Para decirlo con absoluta claridad: lo que una y otra vez se nos dice, a propósito de los reiterados casos de presunta o ya no tan presunta financiación ilegal de los partidos políticos que han ejercido funciones de gobierno, sólo sería admisible sobre una doble premisa tan fabulosa y escalofriante que es imposible comprarla. Por un lado, habría que admitir que a los puestos de tesorero de los partidos ha accedido una caterva tal de pícaros, pillos y pillastres, que sólo sería explicable si se los hubiera reclutado, deliberadamente, acudiendo para seleccionarlos a algún fichero de delincuentes. Por otro, quienes se beneficiaban de la financiación ilegal obtenida por esos tesoreros, siempre sin saberlo, demuestran una falta tan absoluta de conciencia de la correlación entre los gastos que necesita su actividad, y los ingresos de que pueden disponer de manera legítima, que los incapacita gravemente no ya para la gestión de los asuntos públicos, sino para administrar con solvencia un hogar cualquiera.

Que a la hora de convocar elecciones siga votándoles alguien, porque no encuentra mejor alternativa, no debería erigirse, para quienes se ven señalados por este repetido escándalo, en ese consuelo y esa convalidación de los que tanto se ufanan.

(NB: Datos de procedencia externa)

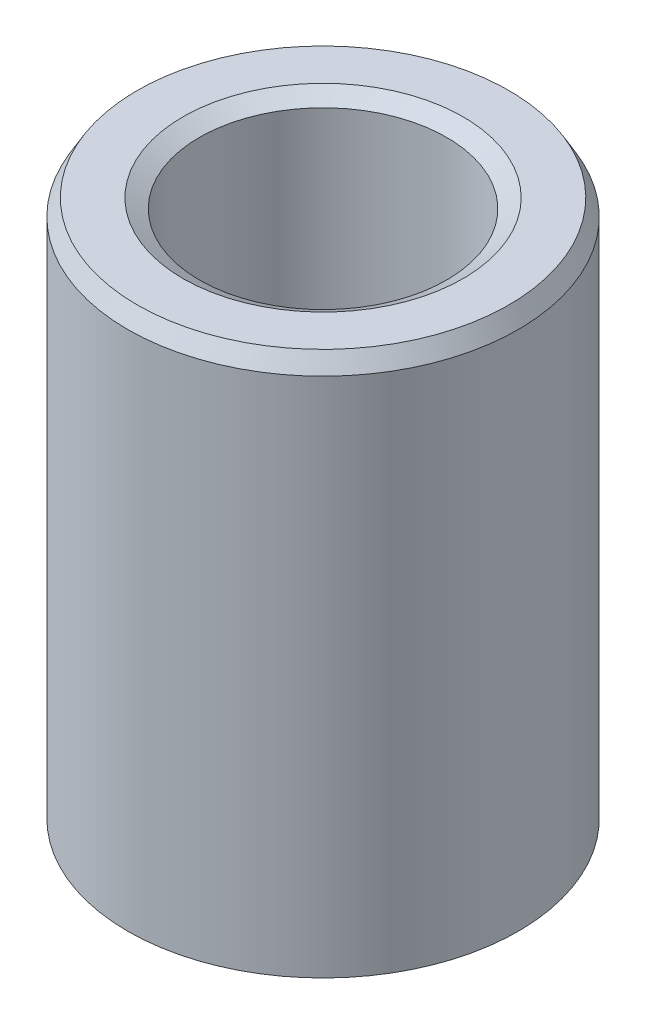
SolidWorks part; units mm, degrees
ref_plane "Front Plane" through (0, 0, 0) normal (0, 0, 1) x (1, 0, 0)
ref_plane "Top Plane" through (0, 0, 0) normal (0, 1, 0) x (1, 0, 0)
ref_plane "Right Plane" through (0, 0, 0) normal (1, 0, 0) x (0, 0, -1)
sketch "Sketch1" plane through (0, 0, 0) normal (0, 1, 0) x (1, 0, 0)
  circle A0 centre (0, 0) radius 25
  dimension "SLEEVE_OD" = 50
extrude "Boss-Extrude1" add sketch "Sketch1" along normal blind 70.0366
sketch "Sketch2" plane through (0, 0, 0) normal (0, 1, 0) x (1, 0, 0)
  circle A0 centre (0, 0) radius 15.8219
  dimension "BORE_D" = 31.6438
extrude "Cut-Extrude1" cut sketch "Sketch2" along normal through all
chamfer "Chamfer1" distance 2.112 angle 30 4 edges at (0, 70.0366, 15.8219) (0, 0, 15.8219) (0, 0, 25) (0, 70.0366, 25) first distance on face at (0, 70.0366, 15.8219) first distance on face at (0, 0, 15.8219) first distance on face at (0, 70.0366, 25)

El descaro y la inconsistencia siempre se acaban pagando y, si no es de una manera, será de otra. Puede que por ahora muchos de los que, conociéndolo o no, resultaron favorecidos por estas prácticas casi sistémicas de rapiña del erario no se hayan visto descabalgados de sus posiciones de privilegio, confort y seguridad relativa, que les permiten incluso creerse a resguardo de cualquier posible imputación, siempre exitosamente desviada a escalones inferiores. Pero lo que se juega es algo mucho más importante, cuya pérdida puede desembocar en catástrofe.

Lo que está en entredicho, en definitiva, es la propia credibilidad del sistema, que estas conductas temerarias e inmorales erosionan como ninguna otra. Que se financien ilegalmente los que hacen las leyes y se permiten imponerlas a los demás, que sea a través de la ilegalidad como se sufraguen y se desarrollen las campañas que conducen a formar las mismísimas cámaras en las que se realiza la función legislativa, es un sarcasmo que no puede salirle gratis a una sociedad que se tenga un mínimo de respeto a sí misma. Faltan dimisiones, sobran aspavientos y, sobre todo, sobran declaraciones y actitudes satisfechas.